Un autre thème commun au TOC existentiel est que vos pensées tournent principalement autour de l’incertitude, et en général, nous, les humains, n’aimons pas l’incertitude. Dans un type de TCC connu sous le nom d’exposition &prévention de la réponse (ERP), vous apprenez à faire face à vos pensées et à développer une tolérance à leur égard – à la fois l’anxiété que les pensées produisent et l’incertitude qui les accompagne. Pour ce faire, vous devez aller à l’encontre de vos instincts et approuver ces pensées, et aussi essayer de penser ces pensées plus, plutôt que moins. J’aime dire : » Si vous voulez y penser moins, pensez-y plus. «
Dans la partie » exposition » de l’ERP, votre thérapeute peut vous demander de vous exposer délibérément et progressivement aux pensées et images existentielles redoutées, et même d’apprendre à les approuver. Vous apprendrez à le faire quotidiennement de différentes manières qui peuvent inclure la lecture d’articles ou de livres, le visionnage de vidéos, l’écoute d’enregistrements thérapeutiques faits maison, l’écriture de mots ou de phrases redoutés, l’accord actif avec la pensée du moment, etc. Au fur et à mesure que vous faites cela, la pensée perd progressivement son impact, et même l’ennui peut en résulter. J’ai toujours dit à mes clients qu’on ne peut pas s’ennuyer et avoir peur en même temps.

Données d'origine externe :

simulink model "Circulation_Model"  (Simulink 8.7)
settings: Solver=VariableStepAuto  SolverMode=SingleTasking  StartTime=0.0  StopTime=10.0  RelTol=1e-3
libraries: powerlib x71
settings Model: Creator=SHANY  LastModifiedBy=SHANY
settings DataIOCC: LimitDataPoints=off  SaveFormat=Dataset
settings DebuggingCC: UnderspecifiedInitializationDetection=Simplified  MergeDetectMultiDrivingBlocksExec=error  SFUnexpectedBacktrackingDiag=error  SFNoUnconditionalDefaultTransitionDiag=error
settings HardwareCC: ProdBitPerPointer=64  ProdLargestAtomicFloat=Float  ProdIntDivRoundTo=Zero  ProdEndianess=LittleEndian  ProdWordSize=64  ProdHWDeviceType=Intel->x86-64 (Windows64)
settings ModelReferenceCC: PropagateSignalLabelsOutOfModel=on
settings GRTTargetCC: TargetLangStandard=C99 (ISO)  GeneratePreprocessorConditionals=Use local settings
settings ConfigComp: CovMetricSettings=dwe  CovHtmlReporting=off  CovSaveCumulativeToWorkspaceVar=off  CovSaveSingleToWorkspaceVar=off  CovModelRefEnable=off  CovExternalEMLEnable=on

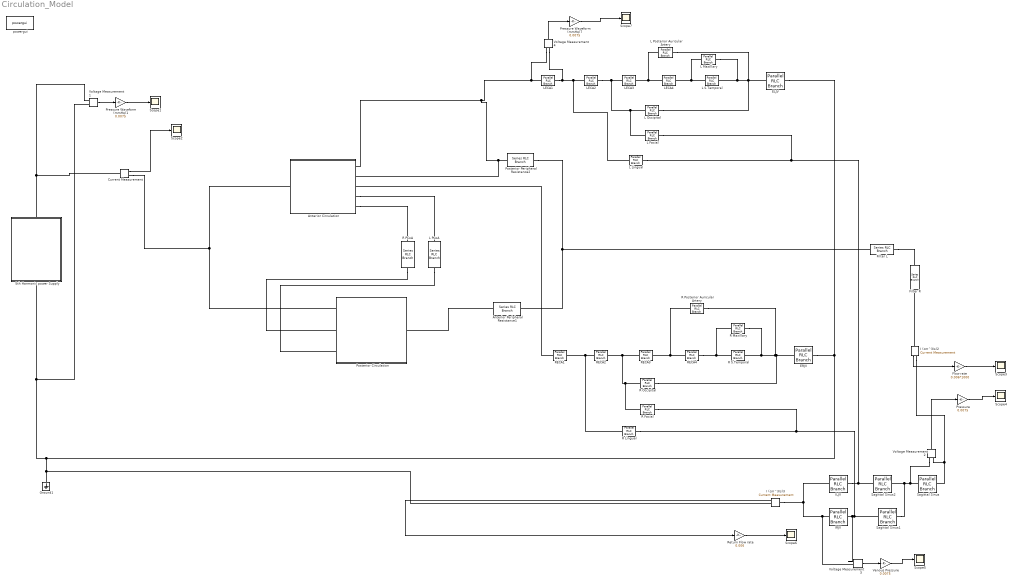
== system Circulation_Model ==
  5th Harmonic power Supply : Subsystem
  Anterior Circulation : Subsystem
  Anterior Peripheral Resistance1 : powerlib/Elements/Series RLC Branch  LConnTagsString=__new0  RConnTagsString=__new0  BranchType=R  Resistance=1  Inductance=1e-3  SetiL0=off  InitialCurrent=0  Capacitance=1e-6  Setx0=off  InitialVoltage=0  Measurements=None
  Current Measurement : powerlib/Measurements/Current Measurement  PhasorSimulation=off  OutputType=Complex  PSBequivalent=0
  ELJV : powerlib/Elements/Parallel RLC Branch  LConnTagsString=a  RConnTagsString=__new0  BranchType=R  Resistance=2500  Inductance=1e-3  SetiL0=off  InitialCurrent=0  Capacitance=1e-6  Setx0=off  InitialVoltage=0  Measurements=None
  ERJV : powerlib/Elements/Parallel RLC Branch  LConnTagsString=a  RConnTagsString=__new0  BranchType=R  Resistance=2500  Inductance=1e-3  SetiL0=off  InitialCurrent=0  Capacitance=1e-6  Setx0=off  InitialVoltage=0  Measurements=None
  Filter L : powerlib/Elements/Series RLC Branch  LConnTagsString=__new0  RConnTagsString=__new0  BranchType=L  Resistance=2e9  Inductance=100  SetiL0=off  InitialCurrent=6.69e-006  Capacitance=1e-6  Setx0=off  InitialVoltage=0  Measurements=None
  Filter R : powerlib/Elements/Series RLC Branch  LConnTagsString=__new0  RConnTagsString=__new0  BranchType=R  Resistance=550  Inductance=1e-3  SetiL0=off  InitialCurrent=0  Capacitance=0.00012803e-6  Setx0=off  InitialVoltage=13332.2368  Measurements=None
  Flow rate : Gain  Gain=0.006*1000
  Ground1 : powerlib/Elements/Ground  LConnTagsString=a
  I (cm^3/s)2 : powerlib/Measurements/Current Measurement  PhasorSimulation=off  OutputType=Complex  PSBequivalent=0
  I (cm^3/s)3 : powerlib/Measurements/Current Measurement  PhasorSimulation=off  OutputType=Complex  PSBequivalent=0
  ILJV : powerlib/Elements/Parallel RLC Branch  LConnTagsString=a  RConnTagsString=__new0  BranchType=R  Resistance=10  Inductance=1e-3  SetiL0=off  InitialCurrent=0  Capacitance=1e-6  Setx0=off  InitialVoltage=0  Measurements=None
  IRJV : powerlib/Elements/Parallel RLC Branch  LConnTagsString=a  RConnTagsString=__new0  BranchType=R  Resistance=10  Inductance=1e-3  SetiL0=off  InitialCurrent=0  Capacitance=1e-6  Setx0=off  InitialVoltage=0  Measurements=None
  L Facial : powerlib/Elements/Parallel RLC Branch  LConnTagsString=a  RConnTagsString=__new0  BranchType=R  Resistance=2000  Inductance=1e-3  SetiL0=off  InitialCurrent=0  Capacitance=200e-3  Setx0=off  InitialVoltage=0  Measurements=None
  L Lingual : powerlib/Elements/Parallel RLC Branch  LConnTagsString=a  RConnTagsString=__new0  BranchType=R  Resistance=2000  Inductance=1e-3  SetiL0=off  InitialCurrent=0  Capacitance=200e-3  Setx0=off  InitialVoltage=0  Measurements=None
  L Maxillary : powerlib/Elements/Parallel RLC Branch  LConnTagsString=a  RConnTagsString=__new0  BranchType=R  Resistance=1000  Inductance=1e-3  SetiL0=off  InitialCurrent=0  Capacitance=200e-3  Setx0=off  InitialVoltage=0  Measurements=None
  L Occipital : powerlib/Elements/Parallel RLC Branch  LConnTagsString=a  RConnTagsString=__new0  BranchType=R  Resistance=2000  Inductance=1e-3  SetiL0=off  InitialCurrent=0  Capacitance=200e-3  Setx0=off  InitialVoltage=0  Measurements=None
  "L PCoA " : powerlib/Elements/Series RLC Branch  LConnTagsString=__new0  RConnTagsString=__new0  BranchType=R  Resistance=1  Inductance=1e-3  SetiL0=off  InitialCurrent=0  Capacitance=1e-6  Setx0=off  InitialVoltage=0  Measurements=None
  L Posterior Auricular Artery : powerlib/Elements/Parallel RLC Branch  LConnTagsString=a  RConnTagsString=__new0  BranchType=R  Resistance=1000  Inductance=1e-3  SetiL0=off  InitialCurrent=0  Capacitance=200e-3  Setx0=off  InitialVoltage=0  Measurements=None
  L S.Temporal : powerlib/Elements/Parallel RLC Branch  LConnTagsString=a  RConnTagsString=__new0  BranchType=R  Resistance=1000  Inductance=1e-3  SetiL0=off  InitialCurrent=0  Capacitance=200e-3  Setx0=off  InitialVoltage=0  Measurements=None
  LECA1 : powerlib/Elements/Parallel RLC Branch  LConnTagsString=a  RConnTagsString=__new0  BranchType=R  Resistance=2500  Inductance=1e-3  SetiL0=off  InitialCurrent=0  Capacitance=200e-3  Setx0=off  InitialVoltage=0  Measurements=None
  LECA2 : powerlib/Elements/Parallel RLC Branch  LConnTagsString=a  RConnTagsString=__new0  BranchType=R  Resistance=1000  Inductance=1e-3  SetiL0=off  InitialCurrent=0  Capacitance=200e-3  Setx0=off  InitialVoltage=0  Measurements=None
  LECA3 : powerlib/Elements/Parallel RLC Branch  LConnTagsString=a  RConnTagsString=__new0  BranchType=R  Resistance=1000  Inductance=1e-3  SetiL0=off  InitialCurrent=0  Capacitance=200e-3  Setx0=off  InitialVoltage=0  Measurements=None
  LECA4 : powerlib/Elements/Parallel RLC Branch  LConnTagsString=a  RConnTagsString=__new0  BranchType=R  Resistance=1000  Inductance=1e-3  SetiL0=off  InitialCurrent=0  Capacitance=200e-3  Setx0=off  InitialVoltage=0  Measurements=None
  Posterior Circulation : Subsystem
  "Posterior Peripheral Resistance2 " : powerlib/Elements/Series RLC Branch  LConnTagsString=__new0  RConnTagsString=__new0  BranchType=R  Resistance=1  Inductance=1e-3  SetiL0=off  InitialCurrent=0  Capacitance=1e-6  Setx0=off  InitialVoltage=0  Measurements=None
  Pressure : Gain  Gain=0.0075
  Pressure Waveform (mmHg)1 : Gain  Gain=0.0075
  Pressure Waveform (mmHg)7 : Gain  Gain=0.0075
  R Facial : powerlib/Elements/Parallel RLC Branch  LConnTagsString=a  RConnTagsString=__new0  BranchType=R  Resistance=2000  Inductance=1e-3  SetiL0=off  InitialCurrent=0  Capacitance=200e-3  Setx0=off  InitialVoltage=0  Measurements=None
  R Lingual : powerlib/Elements/Parallel RLC Branch  LConnTagsString=a  RConnTagsString=__new0  BranchType=R  Resistance=2000  Inductance=1e-3  SetiL0=off  InitialCurrent=0  Capacitance=200e-3  Setx0=off  InitialVoltage=0  Measurements=None
  R Maxillary : powerlib/Elements/Parallel RLC Branch  LConnTagsString=a  RConnTagsString=__new0  BranchType=R  Resistance=1000  Inductance=1e-3  SetiL0=off  InitialCurrent=0  Capacitance=200e-3  Setx0=off  InitialVoltage=0  Measurements=None
  R Occipital : powerlib/Elements/Parallel RLC Branch  LConnTagsString=a  RConnTagsString=__new0  BranchType=R  Resistance=2000  Inductance=1e-3  SetiL0=off  InitialCurrent=0  Capacitance=200e-3  Setx0=off  InitialVoltage=0  Measurements=None
  R PCoA : powerlib/Elements/Series RLC Branch  LConnTagsString=__new0  RConnTagsString=__new0  BranchType=R  Resistance=1  Inductance=1e-3  SetiL0=off  InitialCurrent=0  Capacitance=1e-6  Setx0=off  InitialVoltage=0  Measurements=None
  R Posterior Auricular Artery : powerlib/Elements/Parallel RLC Branch  LConnTagsString=a  RConnTagsString=__new0  BranchType=R  Resistance=1000  Inductance=1e-3  SetiL0=off  InitialCurrent=0  Capacitance=200e-3  Setx0=off  InitialVoltage=0  Measurements=None
  R S.Temporal : powerlib/Elements/Parallel RLC Branch  LConnTagsString=a  RConnTagsString=__new0  BranchType=R  Resistance=1000  Inductance=1e-3  SetiL0=off  InitialCurrent=0  Capacitance=200e-3  Setx0=off  InitialVoltage=0  Measurements=None
  RECA1 : powerlib/Elements/Parallel RLC Branch  LConnTagsString=a  RConnTagsString=__new0  BranchType=R  Resistance=2500  Inductance=1e-3  SetiL0=off  InitialCurrent=0  Capacitance=200e-3  Setx0=off  InitialVoltage=0  Measurements=None
  RECA2 : powerlib/Elements/Parallel RLC Branch  LConnTagsString=a  RConnTagsString=__new0  BranchType=R  Resistance=1000  Inductance=1e-3  SetiL0=off  InitialCurrent=0  Capacitance=200e-3  Setx0=off  InitialVoltage=0  Measurements=None
  RECA3 : powerlib/Elements/Parallel RLC Branch  LConnTagsString=a  RConnTagsString=__new0  BranchType=R  Resistance=1000  Inductance=1e-3  SetiL0=off  InitialCurrent=0  Capacitance=200e-3  Setx0=off  InitialVoltage=0  Measurements=None
  RECA4 : powerlib/Elements/Parallel RLC Branch  LConnTagsString=a  RConnTagsString=__new0  BranchType=R  Resistance=1000  Inductance=1e-3  SetiL0=off  InitialCurrent=0  Capacitance=200e-3  Setx0=off  InitialVoltage=0  Measurements=None
  Return Flow rate : Gain  Gain=0.006
  Sagittal Sinus : powerlib/Elements/Parallel RLC Branch  LConnTagsString=a  RConnTagsString=__new0  BranchType=R  Resistance=50  Inductance=1e-3  SetiL0=off  InitialCurrent=0  Capacitance=1e-6  Setx0=off  InitialVoltage=0  Measurements=None
  Sagittal Sinus1 : powerlib/Elements/Parallel RLC Branch  LConnTagsString=a  RConnTagsString=__new0  BranchType=R  Resistance=50  Inductance=1e-3  SetiL0=off  InitialCurrent=0  Capacitance=1e-6  Setx0=off  InitialVoltage=0  Measurements=None
  Sagittal Sinus2 : powerlib/Elements/Parallel RLC Branch  LConnTagsString=a  RConnTagsString=__new0  BranchType=R  Resistance=50  Inductance=1e-3  SetiL0=off  InitialCurrent=0  Capacitance=1e-6  Setx0=off  InitialVoltage=0  Measurements=None
  Scope{1..7} (7 alike) : Scope
  Venous Pressure : Gain  Gain=0.0075
  Voltage Measurement{1..4} (4 alike) : powerlib/Measurements/Voltage Measurement  PhasorSimulation=off  OutputType=Complex  PSBequivalent=0
  powergui : powerlib/powergui  Priority=1  SimulationMode=Continuous  SampleTime=50e-6  frequency=60  Iterations=50  frequencyindice=1  Pbase=100e6  ErrMax=1e-4  UnitsV=kV  UnitsW=MW  buscounter=0  FunctionMessages=off  echomessages=off  EnableUseOfTLC=off  CurrentSourceSwitches=off  DisableSnubberDevices=off  DisableRonSwitches=off  DisableVfSwitches=off  DisplayEquations=off  SolverType=Tustin/Backward Euler (TBE)  Interpol=off  ExternalGateDelay=off  methode=off  Ts=100  x0status=blocks  SPID=on  SwTol=0  HookPort=off  RestoreLinks=warning  ResistiveCurrentMeasurement=off  Frange=[0:2:500]  Ylog=off  Xlog=on  ShowGrid=off  save=off  variable=ZData  structure=0  ZoomFFT=off  StartTime=0.0  cycles=1  DisplayStyle=1  fundamental=60  FreqAxis=off  MaxFrequency=1000  frequencyindicesteady=1  RmsSteady=1  display=off
  wires:
  Voltage Measurement1/1 -> Pressure Waveform (mmHg)1/1
  Pressure Waveform (mmHg)1/1 -> Scope1/1
  Current Measurement/1 -> Scope2/1
  I (cm^3/s)2/1 -> Flow rate/1
  Flow rate/1 -> Scope3/1
  Voltage Measurement2/1 -> Pressure/1
  Pressure/1 -> Scope4/1
  Voltage Measurement3/1 -> Venous Pressure/1
  Venous Pressure/1 -> Scope5/1
  Return Flow rate/1 -> Scope6/1
  I (cm^3/s)3/1 -> Return Flow rate/1
  Voltage Measurement4/1 -> Pressure Waveform (mmHg)7/1
  Pressure Waveform (mmHg)7/1 -> Scope7/1
  connections:
  Current Measurement/RConn1 -- Anterior Circulation/LConn1 -- Posterior Circulation/LConn1
  "Posterior Peripheral Resistance2 "/RConn1 -- Anterior Peripheral Resistance1/RConn1 -- Filter L/LConn1
  L S.Temporal/LConn1 -- L Maxillary/LConn1 -- LECA4/RConn1
  ELJV/RConn1 -- L Occipital/RConn1 -- L Posterior Auricular Artery/RConn1 -- L Maxillary/RConn1 -- L S.Temporal/RConn1
  LECA4/LConn1 -- L Posterior Auricular Artery/LConn1 -- LECA3/RConn1
  LECA2/RConn1 -- L Facial/LConn1 -- L Occipital/LConn1 -- LECA3/LConn1
  LECA1/RConn1 -- Voltage Measurement4/LConn2 -- L Lingual/LConn1 -- LECA2/LConn1
  RECA4/RConn1 -- R Maxillary/LConn1 -- R S.Temporal/LConn1
  ERJV/RConn1 -- R Occipital/RConn1 -- R Posterior Auricular Artery/RConn1 -- R Maxillary/RConn1 -- R S.Temporal/RConn1
  RECA4/LConn1 -- R Posterior Auricular Artery/LConn1 -- RECA3/RConn1
  RECA3/LConn1 -- R Facial/LConn1 -- R Occipital/LConn1 -- RECA2/RConn1
  RECA2/LConn1 -- R Lingual/LConn1 -- RECA1/RConn1
  "Posterior Peripheral Resistance2 "/LConn1 -- Voltage Measurement4/LConn1 -- LECA1/LConn1 -- Anterior Circulation/RConn1 -- Anterior Circulation/RConn2
  R PCoA/RConn1 -- Posterior Circulation/LConn2
  "L PCoA "/RConn1 -- Posterior Circulation/LConn3
  Anterior Peripheral Resistance1/LConn1 -- Posterior Circulation/RConn1
  5th Harmonic power Supply/RConn1 -- Current Measurement/LConn1 -- Voltage Measurement1/LConn1
  ILJV/LConn1 -- L Facial/RConn1 -- L Lingual/RConn1 -- Sagittal Sinus2/RConn1
  IRJV/LConn1 -- Voltage Measurement3/LConn1 -- Sagittal Sinus1/RConn1 -- R Facial/RConn1 -- R Lingual/RConn1
  Filter L/RConn1 -- Filter R/RConn1
  RECA1/LConn1 -- Anterior Circulation/RConn3
  Anterior Circulation/RConn4 -- "L PCoA "/LConn1
  Anterior Circulation/RConn5 -- R PCoA/LConn1
  I (cm^3/s)2/LConn1 -- Filter R/LConn1
  I (cm^3/s)2/RConn1 -- Voltage Measurement2/LConn2 -- Sagittal Sinus/LConn1
  Sagittal Sinus/RConn1 -- Voltage Measurement2/LConn1 -- Sagittal Sinus1/LConn1 -- Sagittal Sinus2/LConn1
  ILJV/RConn1 -- I (cm^3/s)3/LConn1 -- Voltage Measurement3/LConn2 -- IRJV/RConn1
  ELJV/LConn1 -- ERJV/LConn1 -- Voltage Measurement1/LConn2 -- 5th Harmonic power Supply/LConn1 -- I (cm^3/s)3/RConn1 -- Ground1/LConn1

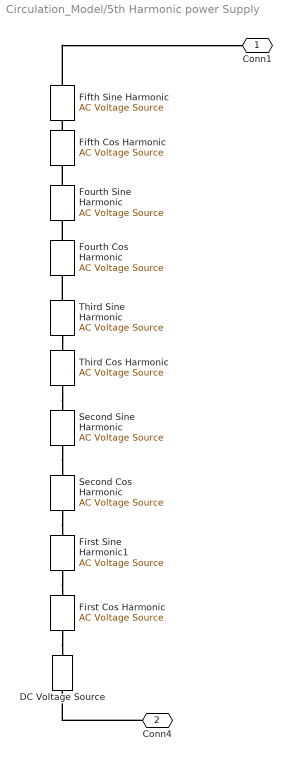
== system Circulation_Model/5th Harmonic power Supply ==
  DC Voltage Source : powerlib/Electrical Sources/DC Voltage Source  Amplitude=13128  Measurements=None
  Fifth Cos Harmonic : powerlib/Electrical Sources/AC Voltage Source  Amplitude=68  Phase=90  Frequency=5  SampleTime=0  Measurements=None  BusType=swing  Pref=10e3  Qref=0  Qmin=-inf  Qmax=+inf
  Fifth Sine Harmonic : powerlib/Electrical Sources/AC Voltage Source  Amplitude=-50.6  Phase=0  Frequency=5  SampleTime=0  Measurements=None  BusType=swing  Pref=10e3  Qref=0  Qmin=-inf  Qmax=+inf
  First Cos Harmonic : powerlib/Electrical Sources/AC Voltage Source  Amplitude=-423  Phase=90  Frequency=1  SampleTime=0  Measurements=None  BusType=swing  Pref=10e3  Qref=0  Qmin=-inf  Qmax=+inf
  First Sine Harmonic1 : powerlib/Electrical Sources/AC Voltage Source  Amplitude=1417  Phase=0  Frequency=1  SampleTime=0  Measurements=None  BusType=swing  Pref=10e3  Qref=0  Qmin=-inf  Qmax=+inf
  Fourth Cos Harmonic : powerlib/Electrical Sources/AC Voltage Source  Amplitude=-326  Phase=90  Frequency=4  SampleTime=0  Measurements=None  BusType=swing  Pref=10e3  Qref=0  Qmin=-inf  Qmax=+inf
  Fourth Sine Harmonic : powerlib/Electrical Sources/AC Voltage Source  Amplitude=-238  Phase=0  Frequency=4  SampleTime=0  Measurements=None  BusType=swing  Pref=10e3  Qref=0  Qmin=-inf  Qmax=+inf
  Second Cos Harmonic : powerlib/Electrical Sources/AC Voltage Source  Amplitude=-418  Phase=90  Frequency=2  SampleTime=0  Measurements=None  BusType=swing  Pref=10e3  Qref=0  Qmin=-inf  Qmax=+inf
  Second Sine Harmonic : powerlib/Electrical Sources/AC Voltage Source  Amplitude=747  Phase=0  Frequency=2  SampleTime=0  Measurements=None  BusType=swing  Pref=10e3  Qref=0  Qmin=-inf  Qmax=+inf
  Third Cos Harmonic : powerlib/Electrical Sources/AC Voltage Source  Amplitude=-615  Phase=90  Frequency=3  SampleTime=0  Measurements=None  BusType=swing  Pref=10e3  Qref=0  Qmin=-inf  Qmax=+inf
  "Third Sine Harmonic " : powerlib/Electrical Sources/AC Voltage Source  Amplitude=312  Phase=0  Frequency=3  SampleTime=0  Measurements=None  BusType=swing  Pref=10e3  Qref=0  Qmin=-inf  Qmax=+inf
  Conn1 : PMIOPort  Side=Right
  Conn4 : PMIOPort  Port=2  Side=Left
  connections:
  Third Cos Harmonic/LConn1 -- Second Sine Harmonic/RConn1
  "Third Sine Harmonic "/LConn1 -- Third Cos Harmonic/RConn1
  First Sine Harmonic1/LConn1 -- First Cos Harmonic/RConn1
  Fourth Cos Harmonic/RConn1 -- Fourth Sine Harmonic/LConn1
  "Third Sine Harmonic "/RConn1 -- Fourth Cos Harmonic/LConn1
  Second Cos Harmonic/LConn1 -- First Sine Harmonic1/RConn1
  Second Sine Harmonic/LConn1 -- Second Cos Harmonic/RConn1
  First Cos Harmonic/LConn1 -- DC Voltage Source/RConn1
  Fourth Sine Harmonic/RConn1 -- Fifth Cos Harmonic/LConn1
  Conn4/RConn1 -- DC Voltage Source/LConn1
  Fifth Cos Harmonic/RConn1 -- Conn1/RConn1

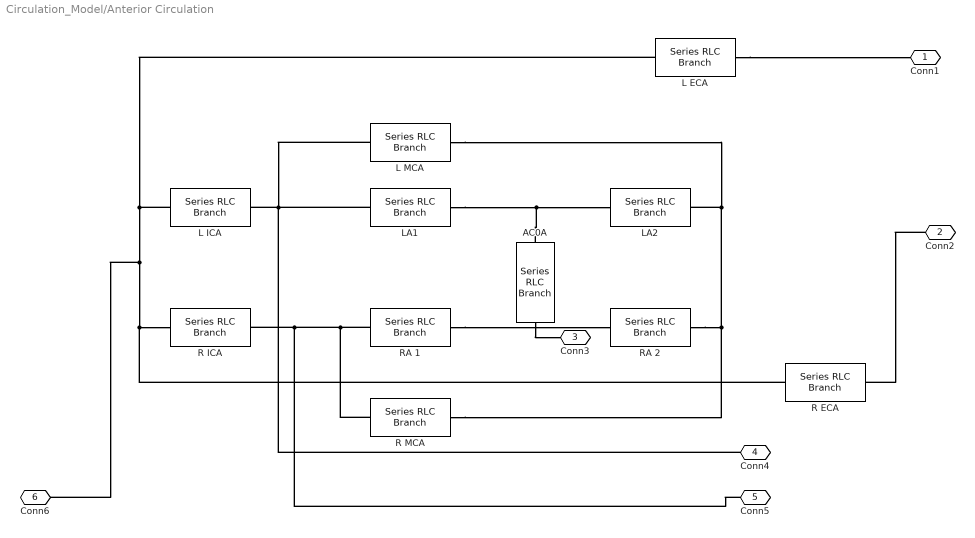
== system Circulation_Model/Anterior Circulation ==
  AC0A : powerlib/Elements/Series RLC Branch  LConnTagsString=__new0  RConnTagsString=__new0  BranchType=R  Resistance=2000  Inductance=1e-3  SetiL0=off  InitialCurrent=0  Capacitance=1e-6  Setx0=off  InitialVoltage=0  Measurements=Branch voltage and current
  L ECA : powerlib/Elements/Series RLC Branch  LConnTagsString=__new0  RConnTagsString=__new0  BranchType=R  Resistance=2000  Inductance=1e-3  SetiL0=off  InitialCurrent=0  Capacitance=1e-6  Setx0=off  InitialVoltage=0  Measurements=Branch voltage and current
  "L ICA " : powerlib/Elements/Series RLC Branch  LConnTagsString=__new0  RConnTagsString=__new0  BranchType=R  Resistance=10  Inductance=1e-3  SetiL0=off  InitialCurrent=0  Capacitance=1e-6  Setx0=off  InitialVoltage=0  Measurements=None
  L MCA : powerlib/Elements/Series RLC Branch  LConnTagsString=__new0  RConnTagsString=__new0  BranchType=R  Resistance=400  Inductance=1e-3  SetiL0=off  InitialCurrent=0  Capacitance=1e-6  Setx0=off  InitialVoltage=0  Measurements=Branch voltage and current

Dans la partie « prévention de la réponse » de l’ERP, l’objectif est de ne pas s’échapper ou d’éviter, donc on vous apprend à être d’accord avec vos pensées existentielles, et à ne pas essayer de les analyser, de les remettre en question ou d’argumenter avec elles. On vous décourage également de chercher à vous rassurer auprès des autres ou même de vous-mêmes, car il s’agit d’une autre forme de fuite. Avec le temps, l’évitement peut malheureusement devenir une habitude apprise qui devient très automatique. Vous pouvez éviter vos déclencheurs inconsciemment, sans même y penser. Cependant, l’évitement ne fait qu’entraîner davantage d’évitement. Comment pouvez-vous renforcer votre tolérance à quelque chose avec lequel vous n’êtes jamais en contact ?
Certains devoirs d’exposition typiques pour les personnes souffrant d’obsessions existentielles pourraient inclure :
- Faire une série d’enregistrements de 2 minutes progressivement plus difficiles sur votre téléphone qui vous disent que la pensée redoutée est vraie, et les écouter plusieurs fois par jour
- Poser des signes ou des notes autour de votre maison indiquant l’idée redoutée. Dans le cas d’obsessions existentielles, un panneau peut dire quelque chose comme « Rien n’est réel »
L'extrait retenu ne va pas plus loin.